Black Hole Event Horizon Calculator

Calculator Inputs

Black hole mass

Mass unit

Dimensionless spin a* (0 to 1)

Normalized charge q (0 to 1)

Use a normalized value. A horizon exists only when a*² + q² ≤ 1.

Graph minimum mass multiplier

Graph maximum mass multiplier

Graph points

Reset

Example Data Table

Example	Mass (Solar Masses)	Spin a*	Outer Horizon (km)	Surface Area (km²)	Light Crossing (ms)
Stellar Black Hole	1.00	0.00	2.953339	1.096066e+2	0.019702560
Fast Rotating Black Hole	10.00	0.50	27.555032	1.022643e+4	0.183827383
Galactic Center Scale	4,300,000.00	0.90	9,117,440.872612	1.455005e+15	60,825.018303907

Formula Used

1) Gravitational radius

r_g = GM / c²

2) Schwarzschild radius

r_s = 2GM / c² = 2r_g

3) Kerr-Newman outer and inner horizons

r_± = r_g[1 ± √(1 − a*² − q²)]

4) Spin length scale

a = a* · r_g

5) Horizon area

A = 4π(r₊² + a²)

6) Average density and light-crossing time

ρ = M / [(4/3)πr₊³], t = 2r₊ / c

This page assumes a classical black hole geometry. It ignores accretion disks, magnetic fields, quantum gravity corrections, and environmental effects near real astrophysical systems.

How to Use This Calculator

Enter the black hole mass and choose its unit.
Set the dimensionless spin a*. Use 0 for a non-rotating case.
Enter the normalized charge q. Use 0 for an uncharged case.
Choose graph scan settings to compare horizon size across a mass range.
Press Calculate Event Horizon.
Read the results shown above the form, then review the graph and example table.
Use the CSV and PDF buttons to save the output for reports or coursework.

FAQs

1) What is an event horizon?

An event horizon is the boundary around a black hole where escape becomes impossible. Once light crosses that surface, no future path leads back outward.

2) Why does the outer horizon differ from the Schwarzschild radius?

The Schwarzschild radius applies to a non-rotating, uncharged black hole. When spin or charge is added, the outer horizon shifts according to the Kerr-Newman geometry.

3) What does the spin parameter a* represent?

It is a dimensionless measure of rotation. A value of 0 means no spin, while values near 1 describe an extremely fast rotating black hole.

4) What does the charge parameter q represent?

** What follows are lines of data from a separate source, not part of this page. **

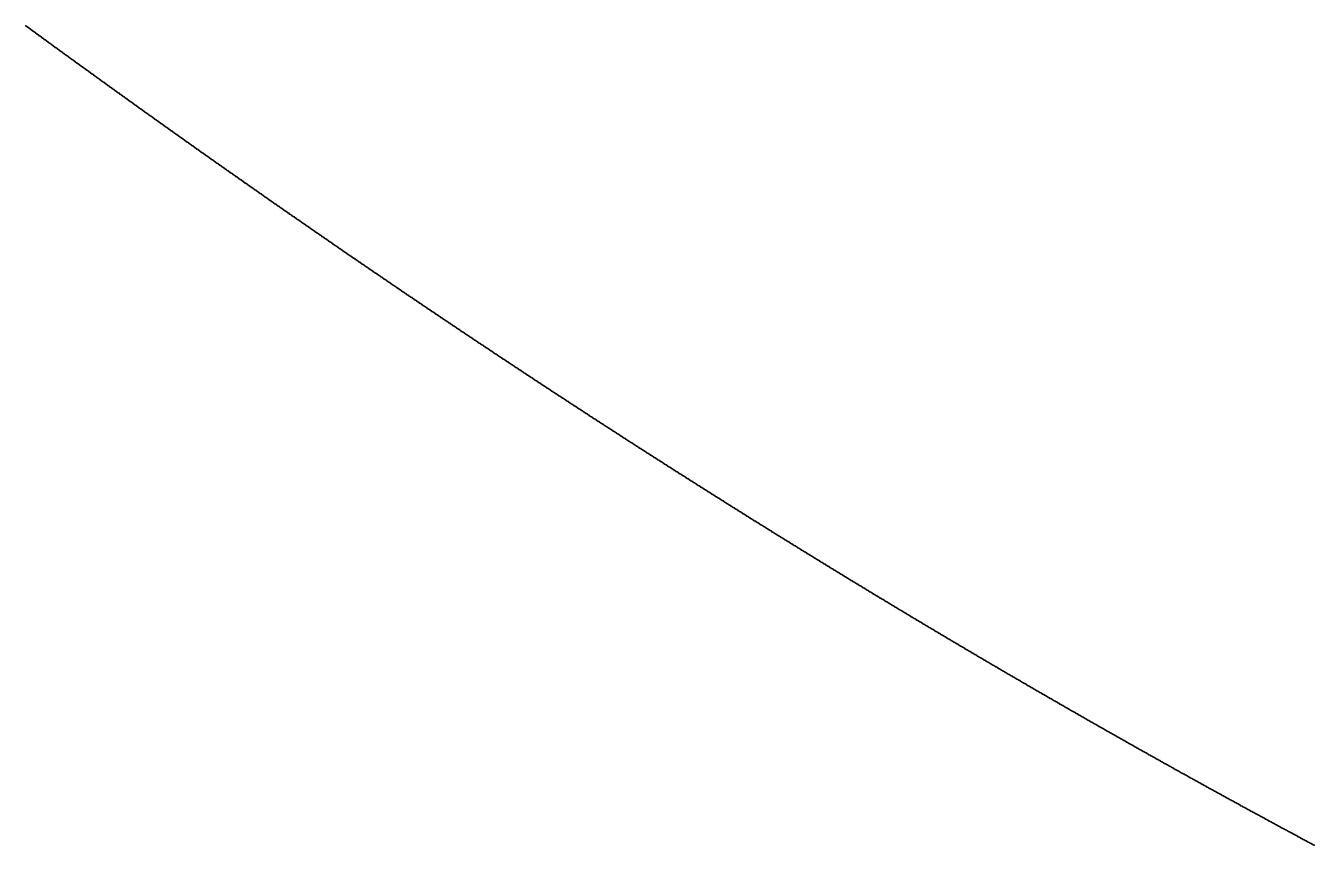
# Model space of a CAD drawing. Header units: metres. Extents: x 0 to 360, y 0 to 49.
# Drawn here: x 303.75 to 315, y 9.43 to 16.58 of the extents above; entities that cross this region are included whole.
import ezdxf

# ---------------------------------------------------------------- set-up
doc = ezdxf.new("R2010")
doc.units = ezdxf.units.M

msp = doc.modelspace()

# ---------------------------------------------------------------- linework, layer by layer
for p in [(303.752, 16.584), (303.759, 16.578), (303.767, 16.573), (303.774, 16.567), (303.781, 16.562), (303.789, 16.557), (303.796, 16.551), (303.804, 16.546), (303.811, 16.54), (303.818, 16.535), (303.826, 16.53), (303.833, 16.524), (303.84, 16.519), (303.848, 16.514), (303.855, 16.508), (303.862, 16.503), (303.87, 16.497), (303.877, 16.492), (303.885, 16.487), (303.892, 16.481), (303.899, 16.476), (303.907, 16.471), (303.914, 16.465), (303.921, 16.46), (303.929, 16.455), (303.936, 16.449), (303.944, 16.444), (303.951, 16.438), (303.958, 16.433), (303.966, 16.428), (303.973, 16.422), (303.98, 16.417), (303.988, 16.412), (303.995, 16.406), (304.003, 16.401), (304.01, 16.395), (304.017, 16.39), (304.025, 16.385), (304.032, 16.379), (304.04, 16.374), (304.047, 16.369), (304.054, 16.363), (304.062, 16.358), (304.069, 16.353), (304.076, 16.347), (304.084, 16.342), (304.091, 16.336), (304.099, 16.331), (304.106, 16.326), (304.113, 16.32), (304.121, 16.315), (304.128, 16.31), (304.136, 16.304), (304.143, 16.299), (304.15, 16.293), (304.158, 16.288), (304.165, 16.283), (304.173, 16.277), (304.18, 16.272), (304.187, 16.267), (304.195, 16.261), (304.202, 16.256), (304.21, 16.251), (304.217, 16.245), (304.224, 16.24), (304.232, 16.235), (304.239, 16.229), (304.247, 16.224), (304.254, 16.218), (304.261, 16.213), (304.269, 16.208), (304.276, 16.202), (304.284, 16.197), (304.291, 16.192), (304.299, 16.186), (304.306, 16.181), (304.313, 16.176), (304.321, 16.17), (304.328, 16.165), (304.336, 16.16), (304.343, 16.154), (304.35, 16.149), (304.358, 16.143), (304.365, 16.138), (304.373, 16.133), (304.38, 16.127), (304.388, 16.122), (304.395, 16.117), (304.402, 16.111), (304.41, 16.106), (304.417, 16.101), (304.425, 16.095), (304.432, 16.09), (304.44, 16.085), (304.447, 16.079), (304.454, 16.074), (304.462, 16.068), (304.469, 16.063), (304.477, 16.058), (304.484, 16.052), (304.492, 16.047), (304.499, 16.042), (304.506, 16.036), (304.514, 16.031), (304.521, 16.026), (304.529, 16.02), (304.536, 16.015), (304.544, 16.01), (304.551, 16.004), (304.558, 15.999), (304.566, 15.994), (304.573, 15.988), (304.581, 15.983), (304.588, 15.978), (304.596, 15.972), (304.603, 15.967), (304.611, 15.962), (304.618, 15.956), (304.625, 15.951), (304.633, 15.946), (304.64, 15.94), (304.648, 15.935), (304.655, 15.929), (304.663, 15.924), (304.67, 15.919), (304.678, 15.913), (304.685, 15.908), (304.693, 15.903), (304.7, 15.897), (304.707, 15.892), (304.715, 15.887), (304.722, 15.881), (304.73, 15.876), (304.737, 15.871), (304.745, 15.865), (304.752, 15.86), (304.76, 15.855), (304.767, 15.849), (304.775, 15.844), (304.782, 15.839), (304.789, 15.833), (304.797, 15.828), (304.804, 15.823), (304.812, 15.817), (304.819, 15.812), (304.827, 15.807), (304.834, 15.801), (304.842, 15.796), (304.849, 15.791), (304.857, 15.785), (304.864, 15.78), (304.872, 15.775), (304.879, 15.769), (304.887, 15.764), (304.894, 15.759), (304.902, 15.753), (304.909, 15.748), (304.916, 15.743), (304.924, 15.737), (304.931, 15.732), (304.939, 15.727), (304.946, 15.721), (304.954, 15.716), (304.961, 15.711), (304.969, 15.705), (304.976, 15.7), (304.984, 15.695), (304.991, 15.689), (304.999, 15.684), (305.006, 15.679), (305.014, 15.673), (305.021, 15.668), (305.029, 15.663), (305.036, 15.657), (305.044, 15.652), (305.051, 15.647), (305.059, 15.641), (305.066, 15.636), (305.074, 15.631), (305.081, 15.625), (305.089, 15.62), (305.096, 15.615), (305.104, 15.609), (305.111, 15.604), (305.119, 15.599), (305.126, 15.593), (305.134, 15.588), (305.141, 15.583), (305.149, 15.578), (305.156, 15.572), (305.164, 15.567), (305.171, 15.562), (305.179, 15.556), (305.186, 15.551), (305.194, 15.546), (305.201, 15.54), (305.209, 15.535), (305.216, 15.53), (305.224, 15.524), (305.231, 15.519), (305.239, 15.514), (305.246, 15.508), (305.254, 15.503), (305.261, 15.498), (305.269, 15.492), (305.276, 15.487), (305.284, 15.482), (305.291, 15.476), (305.299, 15.471), (305.306, 15.466), (305.314, 15.461), (305.321, 15.455), (305.329, 15.45), (305.337, 15.445), (305.344, 15.439), (305.352, 15.434), (305.359, 15.429), (305.367, 15.423), (305.374, 15.418), (305.382, 15.413), (305.389, 15.407), (305.397, 15.402), (305.404, 15.397), (305.412, 15.391), (305.419, 15.386), (305.427, 15.381), (305.434, 15.376), (305.442, 15.37), (305.449, 15.365), (305.457, 15.36), (305.465, 15.354), (305.472, 15.349), (305.48, 15.344), (305.487, 15.338), (305.495, 15.333), (305.502, 15.328), (305.51, 15.322), (305.517, 15.317), (305.525, 15.312), (305.532, 15.307), (305.54, 15.301), (305.547, 15.296), (305.555, 15.291), (305.563, 15.285), (305.57, 15.28), (305.578, 15.275), (305.585, 15.269), (305.593, 15.264), (305.6, 15.259), (305.608, 15.253), (305.615, 15.248), (305.623, 15.243), (305.631, 15.238), (305.638, 15.232), (305.646, 15.227), (305.653, 15.222), (305.661, 15.216), (305.668, 15.211), (305.676, 15.206), (305.683, 15.2), (305.691, 15.195), (305.699, 15.19), (305.706, 15.185), (305.714, 15.179), (305.721, 15.174), (305.729, 15.169), (305.736, 15.163), (305.744, 15.158), (305.752, 15.153), (305.759, 15.148), (305.767, 15.142), (305.774, 15.137), (305.782, 15.132), (305.789, 15.126), (305.797, 15.121), (305.805, 15.116), (305.812, 15.11), (305.82, 15.105), (305.827, 15.1), (305.835, 15.095), (305.842, 15.089), (305.85, 15.084), (305.858, 15.079), (305.865, 15.073), (305.873, 15.068), (305.88, 15.063), (305.888, 15.058), (305.895, 15.052), (305.903, 15.047), (305.911, 15.042), (305.918, 15.036), (305.926, 15.031), (305.933, 15.026), (305.941, 15.021), (305.949, 15.015), (305.956, 15.01), (305.964, 15.005), (305.971, 14.999), (305.979, 14.994), (305.987, 14.989), (305.994, 14.984), (306.002, 14.978), (306.009, 14.973), (306.017, 14.968), (306.024, 14.962), (306.032, 14.957), (306.04, 14.952), (306.047, 14.947), (306.055, 14.941), (306.062, 14.936), (306.07, 14.931), (306.078, 14.926), (306.085, 14.92), (306.093, 14.915), (306.101, 14.91), (306.108, 14.904), (306.116, 14.899), (306.123, 14.894), (306.131, 14.889), (306.139, 14.883), (306.146, 14.878), (306.154, 14.873), (306.161, 14.867), (306.169, 14.862), (306.177, 14.857), (306.184, 14.852), (306.192, 14.846), (306.199, 14.841), (306.207, 14.836), (306.215, 14.831), (306.222, 14.825), (306.23, 14.82), (306.238, 14.815), (306.245, 14.809), (306.253, 14.804), (306.26, 14.799), (306.268, 14.794), (306.276, 14.788), (306.283, 14.783), (306.291, 14.778), (306.299, 14.773), (306.306, 14.767), (306.314, 14.762), (306.321, 14.757), (306.329, 14.752), (306.337, 14.746), (306.344, 14.741), (306.352, 14.736), (306.36, 14.73), (306.367, 14.725), (306.375, 14.72), (306.383, 14.715), (306.39, 14.709), (306.398, 14.704), (306.405, 14.699), (306.413, 14.694), (306.421, 14.688), (306.428, 14.683), (306.436, 14.678), (306.444, 14.673), (306.451, 14.667), (306.459, 14.662), (306.467, 14.657), (306.474, 14.652), (306.482, 14.646), (306.49, 14.641), (306.497, 14.636), (306.505, 14.631), (306.512, 14.625), (306.52, 14.62), (306.528, 14.615), (306.535, 14.609), (306.543, 14.604), (306.551, 14.599), (306.558, 14.594), (306.566, 14.588), (306.574, 14.583), (306.581, 14.578), (306.589, 14.573), (306.597, 14.567), (306.604, 14.562), (306.612, 14.557), (306.62, 14.552), (306.627, 14.546), (306.635, 14.541), (306.643, 14.536), (306.65, 14.531), (306.658, 14.525), (306.666, 14.52), (306.673, 14.515), (306.681, 14.51), (306.689, 14.504), (306.696, 14.499), (306.704, 14.494), (306.712, 14.489), (306.719, 14.483), (306.727, 14.478), (306.735, 14.473), (306.742, 14.468), (306.75, 14.462), (306.758, 14.457), (306.765, 14.452), (306.773, 14.447), (306.781, 14.442), (306.788, 14.436), (306.796, 14.431), (306.804, 14.426), (306.812, 14.421), (306.819, 14.415), (306.827, 14.41), (306.835, 14.405), (306.842, 14.4), (306.85, 14.394), (306.858, 14.389), (306.865, 14.384), (306.873, 14.379), (306.881, 14.373), (306.888, 14.368), (306.896, 14.363), (306.904, 14.358), (306.912, 14.352), (306.919, 14.347), (306.927, 14.342), (306.935, 14.337), (306.942, 14.332), (306.95, 14.326), (306.958, 14.321), (306.965, 14.316), (306.973, 14.311), (306.981, 14.305), (306.989, 14.3), (306.996, 14.295), (307.004, 14.29), (307.012, 14.284), (307.019, 14.279), (307.027, 14.274), (307.035, 14.269), (307.042, 14.263), (307.05, 14.258), (307.058, 14.253), (307.066, 14.248), (307.073, 14.243), (307.081, 14.237), (307.089, 14.232), (307.096, 14.227), (307.104, 14.222), (307.112, 14.216), (307.12, 14.211), (307.127, 14.206), (307.135, 14.201), (307.143, 14.196), (307.151, 14.19), (307.158, 14.185), (307.166, 14.18), (307.174, 14.175), (307.181, 14.169), (307.189, 14.164), (307.197, 14.159), (307.205, 14.154), (307.212, 14.149), (307.22, 14.143), (307.228, 14.138), (307.236, 14.133), (307.243, 14.128), (307.251, 14.122), (307.259, 14.117), (307.266, 14.112), (307.274, 14.107), (307.282, 14.102), (307.29, 14.096), (307.297, 14.091), (307.305, 14.086), (307.313, 14.081), (307.321, 14.076), (307.328, 14.07), (307.336, 14.065), (307.344, 14.06), (307.352, 14.055), (307.359, 14.049), (307.367, 14.044), (307.375, 14.039), (307.383, 14.034), (307.39, 14.029), (307.398, 14.023), (307.406, 14.018), (307.414, 14.013), (307.421, 14.008), (307.429, 14.003), (307.437, 13.997), (307.445, 13.992), (307.452, 13.987), (307.46, 13.982), (307.468, 13.977), (307.476, 13.971), (307.483, 13.966), (307.491, 13.961), (307.499, 13.956), (307.507, 13.951), (307.514, 13.945), (307.522, 13.94), (307.53, 13.935), (307.538, 13.93), (307.546, 13.925), (307.553, 13.919), (307.561, 13.914), (307.569, 13.909), (307.577, 13.904), (307.584, 13.899), (307.592, 13.893), (307.6, 13.888), (307.608, 13.883), (307.615, 13.878), (307.623, 13.873), (307.631, 13.867), (307.639, 13.862), (307.647, 13.857), (307.654, 13.852), (307.662, 13.847), (307.67, 13.841), (307.678, 13.836), (307.686, 13.831), (307.693, 13.826), (307.701, 13.821), (307.709, 13.815), (307.717, 13.81), (307.724, 13.805), (307.732, 13.8), (307.74, 13.795), (307.748, 13.789), (307.756, 13.784), (307.763, 13.779), (307.771, 13.774), (307.779, 13.769), (307.787, 13.764), (307.795, 13.758), (307.802, 13.753), (307.81, 13.748), (307.818, 13.743), (307.826, 13.738), (307.834, 13.732), (307.841, 13.727), (307.849, 13.722), (307.857, 13.717), (307.865, 13.712), (307.873, 13.707), (307.88, 13.701), (307.888, 13.696), (307.896, 13.691), (307.904, 13.686), (307.912, 13.681), (307.919, 13.675), (307.927, 13.67), (307.935, 13.665), (307.943, 13.66), (307.951, 13.655), (307.959, 13.65), (307.966, 13.644), (307.974, 13.639), (307.982, 13.634), (307.99, 13.629), (307.998, 13.624), (308.005, 13.619), (308.013, 13.613), (308.021, 13.608), (308.029, 13.603), (308.037, 13.598), (308.045, 13.593), (308.052, 13.587), (308.06, 13.582), (308.068, 13.577), (308.076, 13.572), (308.084, 13.567), (308.092, 13.562), (308.099, 13.556), (308.107, 13.551), (308.115, 13.546), (308.123, 13.541), (308.131, 13.536), (308.139, 13.531), (308.146, 13.525), (308.154, 13.52), (308.162, 13.515), (308.17, 13.51), (308.178, 13.505), (308.186, 13.5), (308.193, 13.494), (308.201, 13.489), (308.209, 13.484), (308.217, 13.479), (308.225, 13.474), (308.233, 13.469), (308.24, 13.464), (308.248, 13.458), (308.256, 13.453), (308.264, 13.448), (308.272, 13.443), (308.28, 13.438), (308.288, 13.433), (308.295, 13.427), (308.303, 13.422), (308.311, 13.417), (308.319, 13.412), (308.327, 13.407), (308.335, 13.402), (308.343, 13.396), (308.35, 13.391), (308.358, 13.386), (308.366, 13.381), (308.374, 13.376), (308.382, 13.371), (308.39, 13.366), (308.398, 13.36), (308.405, 13.355), (308.413, 13.35), (308.421, 13.345), (308.429, 13.34), (308.437, 13.335), (308.445, 13.33), (308.453, 13.324), (308.461, 13.319), (308.468, 13.314), (308.476, 13.309), (308.484, 13.304), (308.492, 13.299), (308.5, 13.294), (308.508, 13.288), (308.516, 13.283), (308.524, 13.278), (308.531, 13.273), (308.539, 13.268), (308.547, 13.263), (308.555, 13.258), (308.563, 13.252), (308.571, 13.247), (308.579, 13.242), (308.587, 13.237), (308.595, 13.232), (308.602, 13.227), (308.61, 13.222), (308.618, 13.216), (308.626, 13.211), (308.634, 13.206), (308.642, 13.201), (308.65, 13.196), (308.658, 13.191), (308.666, 13.186), (308.673, 13.18), (308.681, 13.175), (308.689, 13.17), (308.697, 13.165), (308.705, 13.16), (308.713, 13.155), (308.721, 13.15), (308.729, 13.145), (308.737, 13.139), (308.745, 13.134), (308.753, 13.129), (308.76, 13.124), (308.768, 13.119), (308.776, 13.114), (308.784, 13.109), (308.792, 13.104), (308.8, 13.098), (308.808, 13.093), (308.816, 13.088), (308.824, 13.083), (308.832, 13.078), (308.84, 13.073), (308.847, 13.068), (308.855, 13.063), (308.863, 13.057), (308.871, 13.052), (308.879, 13.047), (308.887, 13.042), (308.895, 13.037), (308.903, 13.032), (308.911, 13.027), (308.919, 13.022), (308.927, 13.017), (308.935, 13.011), (308.943, 13.006), (308.951, 13.001), (308.958, 12.996), (308.966, 12.991), (308.974, 12.986), (308.982, 12.981), (308.99, 12.976), (308.998, 12.97), (309.006, 12.965), (309.014, 12.96), (309.022, 12.955), (309.03, 12.95), (309.038, 12.945), (309.046, 12.94), (309.054, 12.935), (309.062, 12.93), (309.07, 12.924), (309.078, 12.919), (309.085, 12.914), (309.093, 12.909), (309.101, 12.904), (309.109, 12.899), (309.117, 12.894), (309.125, 12.889), (309.133, 12.884), (309.141, 12.879), (309.149, 12.873), (309.157, 12.868), (309.165, 12.863), (309.173, 12.858), (309.181, 12.853), (309.189, 12.848), (309.197, 12.843), (309.205, 12.838), (309.213, 12.833), (309.221, 12.828), (309.229, 12.822), (309.237, 12.817), (309.245, 12.812), (309.253, 12.807), (309.261, 12.802), (309.269, 12.797), (309.276, 12.792), (309.284, 12.787), (309.292, 12.782), (309.3, 12.777), (309.308, 12.772), (309.316, 12.766), (309.324, 12.761), (309.332, 12.756), (309.34, 12.751), (309.348, 12.746), (309.356, 12.741), (309.364, 12.736), (309.372, 12.731), (309.38, 12.726), (309.388, 12.721), (309.396, 12.716), (309.404, 12.71), (309.412, 12.705), (309.42, 12.7), (309.428, 12.695), (309.436, 12.69), (309.444, 12.685), (309.452, 12.68), (309.46, 12.675), (309.468, 12.67), (309.476, 12.665), (309.484, 12.66), (309.492, 12.655), (309.5, 12.649), (309.508, 12.644), (309.516, 12.639), (309.524, 12.634), (309.532, 12.629), (309.54, 12.624), (309.548, 12.619), (309.556, 12.614), (309.564, 12.609), (309.572, 12.604), (309.58, 12.599), (309.588, 12.594), (309.596, 12.589), (309.604, 12.584), (309.612, 12.578), (309.62, 12.573), (309.628, 12.568), (309.636, 12.563), (309.644, 12.558), (309.652, 12.553), (309.66, 12.548), (309.668, 12.543), (309.676, 12.538), (309.684, 12.533), (309.692, 12.528), (309.7, 12.523), (309.708, 12.518), (309.716, 12.513), (309.724, 12.507), (309.732, 12.502), (309.74, 12.497), (309.748, 12.492), (309.756, 12.487), (309.764, 12.482), (309.772, 12.477), (309.78, 12.472), (309.788, 12.467), (309.797, 12.462), (309.805, 12.457), (309.813, 12.452), (309.821, 12.447), (309.829, 12.442), (309.837, 12.437), (309.845, 12.432), (309.853, 12.427), (309.861, 12.421), (309.869, 12.416), (309.877, 12.411), (309.885, 12.406), (309.893, 12.401), (309.901, 12.396), (309.909, 12.391), (309.917, 12.386), (309.925, 12.381), (309.933, 12.376), (309.941, 12.371), (309.949, 12.366), (309.957, 12.361), (309.965, 12.356), (309.973, 12.351), (309.982, 12.346), (309.99, 12.341), (309.998, 12.336), (310.006, 12.331), (310.014, 12.326), (310.022, 12.321), (310.03, 12.315), (310.038, 12.31), (310.046, 12.305), (310.054, 12.3), (310.062, 12.295), (310.07, 12.29), (310.078, 12.285), (310.086, 12.28), (310.094, 12.275), (310.102, 12.27), (310.11, 12.265), (310.119, 12.26), (310.127, 12.255), (310.135, 12.25), (310.143, 12.245), (310.151, 12.24), (310.159, 12.235), (310.167, 12.23), (310.175, 12.225), (310.183, 12.22), (310.191, 12.215), (310.199, 12.21), (310.207, 12.205), (310.215, 12.2), (310.224, 12.195), (310.232, 12.19), (310.24, 12.185), (310.248, 12.18), (310.256, 12.175), (310.264, 12.169), (310.272, 12.164), (310.28, 12.159), (310.288, 12.154), (310.296, 12.149), (310.304, 12.144), (310.313, 12.139), (310.321, 12.134), (310.329, 12.129), (310.337, 12.124), (310.345, 12.119), (310.353, 12.114), (310.361, 12.109), (310.369, 12.104), (310.377, 12.099), (310.385, 12.094), (310.394, 12.089), (310.402, 12.084), (310.41, 12.079), (310.418, 12.074), (310.426, 12.069), (310.434, 12.064), (310.442, 12.059), (310.45, 12.054), (310.458, 12.049), (310.466, 12.044), (310.475, 12.039), (310.483, 12.034), (310.491, 12.029), (310.499, 12.024), (310.507, 12.019), (310.515, 12.014), (310.523, 12.009), (310.531, 12.004), (310.54, 11.999), (310.548, 11.994), (310.556, 11.989), (310.564, 11.984), (310.572, 11.979), (310.58, 11.974), (310.588, 11.969), (310.596, 11.964), (310.605, 11.959), (310.613, 11.954), (310.621, 11.949), (310.629, 11.944), (310.637, 11.939), (310.645, 11.934), (310.653, 11.929), (310.661, 11.924), (310.67, 11.919), (310.678, 11.914), (310.686, 11.909), (310.694, 11.904), (310.702, 11.899), (310.71, 11.894), (310.718, 11.889), (310.727, 11.884), (310.735, 11.879), (310.743, 11.874), (310.751, 11.869), (310.759, 11.864), (310.767, 11.859), (310.775, 11.854), (310.784, 11.849), (310.792, 11.844), (310.8, 11.839), (310.808, 11.834), (310.816, 11.829), (310.824, 11.824), (310.833, 11.819), (310.841, 11.814), (310.849, 11.809), (310.857, 11.804), (310.865, 11.799), (310.873, 11.794), (310.882, 11.789), (310.89, 11.784), (310.898, 11.779), (310.906, 11.774), (310.914, 11.769), (310.922, 11.764), (310.93, 11.759), (310.939, 11.754), (310.947, 11.749), (310.955, 11.744), (310.963, 11.739), (310.971, 11.734), (310.98, 11.729), (310.988, 11.725), (310.996, 11.72), (311.004, 11.715), (311.012, 11.71), (311.02, 11.705), (311.029, 11.7), (311.037, 11.695), (311.045, 11.69), (311.053, 11.685), (311.061, 11.68), (311.07, 11.675), (311.078, 11.67), (311.086, 11.665), (311.094, 11.66), (311.102, 11.655), (311.11, 11.65), (311.119, 11.645), (311.127, 11.64), (311.135, 11.635), (311.143, 11.63), (311.151, 11.625), (311.16, 11.62), (311.168, 11.615), (311.176, 11.61), (311.184, 11.605), (311.192, 11.6), (311.201, 11.595), (311.209, 11.59), (311.217, 11.585), (311.225, 11.581), (311.233, 11.576), (311.242, 11.571), (311.25, 11.566), (311.258, 11.561), (311.266, 11.556), (311.274, 11.551), (311.283, 11.546), (311.291, 11.541), (311.299, 11.536), (311.307, 11.531), (311.316, 11.526), (311.324, 11.521), (311.332, 11.516), (311.34, 11.511), (311.348, 11.506), (311.357, 11.501), (311.365, 11.496), (311.373, 11.491), (311.381, 11.486), (311.39, 11.482), (311.398, 11.477), (311.406, 11.472), (311.414, 11.467), (311.422, 11.462), (311.431, 11.457), (311.439, 11.452), (311.447, 11.447), (311.455, 11.442), (311.464, 11.437), (311.472, 11.432), (311.48, 11.427), (311.488, 11.422), (311.497, 11.417), (311.505, 11.412), (311.513, 11.407), (311.521, 11.403), (311.529, 11.398), (311.538, 11.393), (311.546, 11.388), (311.554, 11.383), (311.562, 11.378), (311.571, 11.373), (311.579, 11.368), (311.587, 11.363), (311.595, 11.358), (311.604, 11.353), (311.612, 11.348), (311.62, 11.343), (311.628, 11.338), (311.637, 11.334), (311.645, 11.329), (311.653, 11.324), (311.661, 11.319), (311.67, 11.314), (311.678, 11.309), (311.686, 11.304), (311.695, 11.299), (311.703, 11.294), (311.711, 11.289), (311.719, 11.284), (311.728, 11.279), (311.736, 11.274), (311.744, 11.27), (311.752, 11.265), (311.761, 11.26), (311.769, 11.255), (311.777, 11.25), (311.785, 11.245), (311.794, 11.24), (311.802, 11.235), (311.81, 11.23), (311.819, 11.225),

This calculator uses a normalized charge parameter rather than Coulombs. It helps evaluate the classical horizon condition without forcing very large absolute charge inputs.

5) What happens when a*² + q² is greater than 1?

In the classical model, no event horizon forms. The calculator flags this case because the expression would imply a naked singularity rather than a valid black hole horizon.

6) Do real black holes keep large electric charge?

Probably not for long. Surrounding plasma and opposite charges would tend to neutralize them, so astrophysical black holes are expected to be nearly uncharged.

7) Can this replace a full general relativity simulation?

No. It is a fast analytical calculator for horizon metrics. Full simulations are needed for accretion physics, gravitational waves, lensing, and spacetime evolution.

8) Why can larger black holes have lower average density?

Horizon radius grows linearly with mass, but the equivalent enclosed volume grows cubically. That makes the average density decrease as mass increases.